Review: Along the way I've picked up several religions and spiritual books of all stripes that advocate the benefits of meditation, silence, and retreats as ways to heal the body, mind, and soul.

But Honore's well researched treatise provides what I believe is the first incisive overview of an important cultural phenomenon as we immerse our lives in instant online messengers, SMS thumb tribes, skipped breakfast, limp chicken sandwiches for lunch, and a bout of 'power yoga' to punctuate that little crevice of a break in the evenings..

Honore's writing style may occasionally wear a "Manifesto" dress and many of his suggestions to live a slow life may have a fairly non-trivial opportunity cost depending on where you live, but it is a very timely and wonderfully thought-provoking read nonetheless.

Rating: 3 stars
Summary: I'm too busy writing to read anything.....
Review: As a bibliophile and "adjunct" professor (Columbia U), I have put together a wonderful collection of books on leisure, and will add this one. Two not mentioned in Honore's book is "This Beats Working for a Living: The Dark Secrets of a College Professor" by Professor X, and "The Importance of Living," by Chinese philosopher Lin Yutang.

I'm surprised that Honore has apparently not read Lin Yutang, who is probably the most famous Chinese philosopher advocating "letting go." Once I wrote this refrain from Lin on the board before a class of MBA students at Columbia: "The busy man is never wise and the wise man is never busy." A third of the B students dropped my class immediately. They could see no value in "letting go."
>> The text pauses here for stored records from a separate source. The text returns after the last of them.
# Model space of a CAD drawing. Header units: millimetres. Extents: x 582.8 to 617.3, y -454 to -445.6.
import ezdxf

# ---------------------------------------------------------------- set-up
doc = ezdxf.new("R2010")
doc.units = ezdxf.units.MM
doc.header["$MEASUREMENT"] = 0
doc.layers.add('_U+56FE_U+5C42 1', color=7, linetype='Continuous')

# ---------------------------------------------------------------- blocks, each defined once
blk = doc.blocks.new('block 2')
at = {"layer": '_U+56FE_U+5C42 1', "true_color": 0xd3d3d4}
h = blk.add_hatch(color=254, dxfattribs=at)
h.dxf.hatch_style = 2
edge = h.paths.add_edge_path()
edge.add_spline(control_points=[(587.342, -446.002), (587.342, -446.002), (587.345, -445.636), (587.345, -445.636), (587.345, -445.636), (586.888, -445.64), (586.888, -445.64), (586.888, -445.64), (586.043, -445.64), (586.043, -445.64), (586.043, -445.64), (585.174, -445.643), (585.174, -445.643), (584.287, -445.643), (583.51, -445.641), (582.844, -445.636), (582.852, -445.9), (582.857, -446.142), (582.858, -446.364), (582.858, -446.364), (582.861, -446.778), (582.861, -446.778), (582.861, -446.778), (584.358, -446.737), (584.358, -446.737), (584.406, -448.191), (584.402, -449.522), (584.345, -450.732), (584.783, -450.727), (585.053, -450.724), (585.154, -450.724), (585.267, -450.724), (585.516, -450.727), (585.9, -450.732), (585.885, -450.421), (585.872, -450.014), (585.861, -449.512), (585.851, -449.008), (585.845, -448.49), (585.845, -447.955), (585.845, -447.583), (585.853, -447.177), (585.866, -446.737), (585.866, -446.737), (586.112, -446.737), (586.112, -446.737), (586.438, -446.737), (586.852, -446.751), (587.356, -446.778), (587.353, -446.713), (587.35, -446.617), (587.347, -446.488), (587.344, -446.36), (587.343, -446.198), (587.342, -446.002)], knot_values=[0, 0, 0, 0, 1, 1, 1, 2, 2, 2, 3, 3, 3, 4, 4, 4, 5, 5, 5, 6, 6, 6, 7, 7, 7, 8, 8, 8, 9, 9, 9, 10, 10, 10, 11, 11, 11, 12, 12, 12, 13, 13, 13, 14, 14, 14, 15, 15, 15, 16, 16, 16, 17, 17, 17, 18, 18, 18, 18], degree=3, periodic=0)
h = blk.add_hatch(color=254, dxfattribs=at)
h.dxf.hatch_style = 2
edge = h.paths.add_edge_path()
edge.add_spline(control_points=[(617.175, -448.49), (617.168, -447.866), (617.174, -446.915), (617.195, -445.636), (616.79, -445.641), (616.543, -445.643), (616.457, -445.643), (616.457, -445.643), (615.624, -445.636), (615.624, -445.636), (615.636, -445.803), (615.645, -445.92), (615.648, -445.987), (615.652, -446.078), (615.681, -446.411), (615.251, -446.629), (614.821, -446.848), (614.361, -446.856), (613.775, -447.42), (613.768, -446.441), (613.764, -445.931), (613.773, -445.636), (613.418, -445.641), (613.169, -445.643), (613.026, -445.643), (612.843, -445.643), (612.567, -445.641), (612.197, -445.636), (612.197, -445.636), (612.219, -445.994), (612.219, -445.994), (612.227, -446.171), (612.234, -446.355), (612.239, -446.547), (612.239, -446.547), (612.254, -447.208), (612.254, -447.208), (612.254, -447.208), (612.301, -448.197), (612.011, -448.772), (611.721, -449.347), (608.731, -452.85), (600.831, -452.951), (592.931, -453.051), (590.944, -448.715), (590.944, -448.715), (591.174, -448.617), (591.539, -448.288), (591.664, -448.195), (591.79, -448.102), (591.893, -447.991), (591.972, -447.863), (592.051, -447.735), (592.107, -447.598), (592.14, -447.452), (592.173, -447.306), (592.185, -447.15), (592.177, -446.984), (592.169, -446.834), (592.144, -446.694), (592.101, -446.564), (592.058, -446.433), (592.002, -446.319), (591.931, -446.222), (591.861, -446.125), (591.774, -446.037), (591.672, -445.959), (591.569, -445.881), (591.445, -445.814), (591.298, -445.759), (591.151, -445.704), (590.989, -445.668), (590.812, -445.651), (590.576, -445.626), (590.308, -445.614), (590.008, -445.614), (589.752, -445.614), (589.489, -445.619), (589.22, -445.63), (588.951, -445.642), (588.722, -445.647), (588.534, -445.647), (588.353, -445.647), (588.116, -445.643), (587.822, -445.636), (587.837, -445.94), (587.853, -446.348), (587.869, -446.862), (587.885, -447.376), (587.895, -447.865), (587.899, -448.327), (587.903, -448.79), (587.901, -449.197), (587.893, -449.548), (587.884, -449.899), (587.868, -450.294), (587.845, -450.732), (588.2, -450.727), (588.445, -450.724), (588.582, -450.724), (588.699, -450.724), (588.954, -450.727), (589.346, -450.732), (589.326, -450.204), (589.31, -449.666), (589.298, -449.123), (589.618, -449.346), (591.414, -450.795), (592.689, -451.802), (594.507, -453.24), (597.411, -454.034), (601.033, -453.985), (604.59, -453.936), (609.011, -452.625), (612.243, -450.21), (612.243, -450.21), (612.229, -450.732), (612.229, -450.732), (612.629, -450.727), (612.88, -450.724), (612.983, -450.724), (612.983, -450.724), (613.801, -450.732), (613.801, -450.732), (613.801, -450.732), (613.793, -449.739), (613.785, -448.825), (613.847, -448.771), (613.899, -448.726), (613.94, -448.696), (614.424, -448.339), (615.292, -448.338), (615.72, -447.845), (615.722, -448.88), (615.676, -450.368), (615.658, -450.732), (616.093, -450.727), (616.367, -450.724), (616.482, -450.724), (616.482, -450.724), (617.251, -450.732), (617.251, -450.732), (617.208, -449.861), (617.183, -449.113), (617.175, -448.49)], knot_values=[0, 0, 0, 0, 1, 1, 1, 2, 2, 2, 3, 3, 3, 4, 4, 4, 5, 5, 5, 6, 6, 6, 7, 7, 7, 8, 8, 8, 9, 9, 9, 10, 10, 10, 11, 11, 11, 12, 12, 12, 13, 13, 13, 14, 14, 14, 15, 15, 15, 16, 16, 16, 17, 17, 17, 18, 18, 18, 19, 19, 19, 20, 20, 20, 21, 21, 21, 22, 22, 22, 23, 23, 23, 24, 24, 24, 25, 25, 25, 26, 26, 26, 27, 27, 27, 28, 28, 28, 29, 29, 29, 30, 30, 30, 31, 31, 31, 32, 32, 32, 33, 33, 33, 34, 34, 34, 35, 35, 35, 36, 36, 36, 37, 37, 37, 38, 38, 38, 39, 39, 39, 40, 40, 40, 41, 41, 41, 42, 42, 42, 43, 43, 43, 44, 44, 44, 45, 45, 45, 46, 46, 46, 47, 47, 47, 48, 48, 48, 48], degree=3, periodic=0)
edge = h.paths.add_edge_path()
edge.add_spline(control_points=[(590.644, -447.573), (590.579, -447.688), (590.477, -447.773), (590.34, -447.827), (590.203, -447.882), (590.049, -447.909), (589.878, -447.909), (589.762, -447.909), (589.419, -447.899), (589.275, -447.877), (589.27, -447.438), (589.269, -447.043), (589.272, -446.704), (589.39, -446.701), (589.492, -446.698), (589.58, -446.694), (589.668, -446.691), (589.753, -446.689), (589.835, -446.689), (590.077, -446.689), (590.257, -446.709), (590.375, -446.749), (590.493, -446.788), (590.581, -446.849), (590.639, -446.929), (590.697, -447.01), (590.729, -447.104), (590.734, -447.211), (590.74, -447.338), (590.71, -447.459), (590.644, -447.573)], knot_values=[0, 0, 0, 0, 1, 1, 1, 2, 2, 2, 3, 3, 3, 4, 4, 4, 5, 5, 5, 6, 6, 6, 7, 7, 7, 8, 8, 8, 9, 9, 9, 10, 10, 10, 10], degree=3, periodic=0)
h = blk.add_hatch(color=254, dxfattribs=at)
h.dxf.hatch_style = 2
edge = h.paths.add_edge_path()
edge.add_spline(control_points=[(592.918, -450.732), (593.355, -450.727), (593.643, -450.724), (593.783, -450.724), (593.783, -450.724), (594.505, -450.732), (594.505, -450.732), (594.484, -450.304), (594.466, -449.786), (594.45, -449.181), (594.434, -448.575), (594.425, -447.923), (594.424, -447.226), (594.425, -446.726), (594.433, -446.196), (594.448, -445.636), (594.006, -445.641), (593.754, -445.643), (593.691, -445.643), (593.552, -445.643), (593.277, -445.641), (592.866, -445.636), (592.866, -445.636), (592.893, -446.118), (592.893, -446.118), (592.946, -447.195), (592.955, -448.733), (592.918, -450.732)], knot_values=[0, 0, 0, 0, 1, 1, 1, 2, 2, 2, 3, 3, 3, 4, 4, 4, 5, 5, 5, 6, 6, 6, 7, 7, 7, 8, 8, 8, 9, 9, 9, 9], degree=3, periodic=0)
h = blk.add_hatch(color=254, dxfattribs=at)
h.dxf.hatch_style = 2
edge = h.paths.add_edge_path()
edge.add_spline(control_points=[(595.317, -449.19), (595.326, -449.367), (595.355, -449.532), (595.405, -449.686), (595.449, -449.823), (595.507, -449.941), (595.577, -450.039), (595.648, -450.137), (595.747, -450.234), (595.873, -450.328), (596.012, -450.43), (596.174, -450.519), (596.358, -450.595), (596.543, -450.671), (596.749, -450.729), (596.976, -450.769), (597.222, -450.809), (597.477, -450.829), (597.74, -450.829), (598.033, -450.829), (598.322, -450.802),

In academia, we're so busy writing our own stuff we don't have time to read anyone else's work. There's too much supply and not enough demand. It's a big problem.

Lin also says that Americans suffer from three vices: punctuality, efficiency, and goal-setting! Gee, I thought these were virtues....Lin would be disappointed to learn that today, seventy years after Lin wrote his classic book, the Chinese and Asians are now imitating the West by arriving on time, becoming efficient, setting goals, and using cellphones.

If you want to adopt a slowness philosophy, you must get rid of your cellphone!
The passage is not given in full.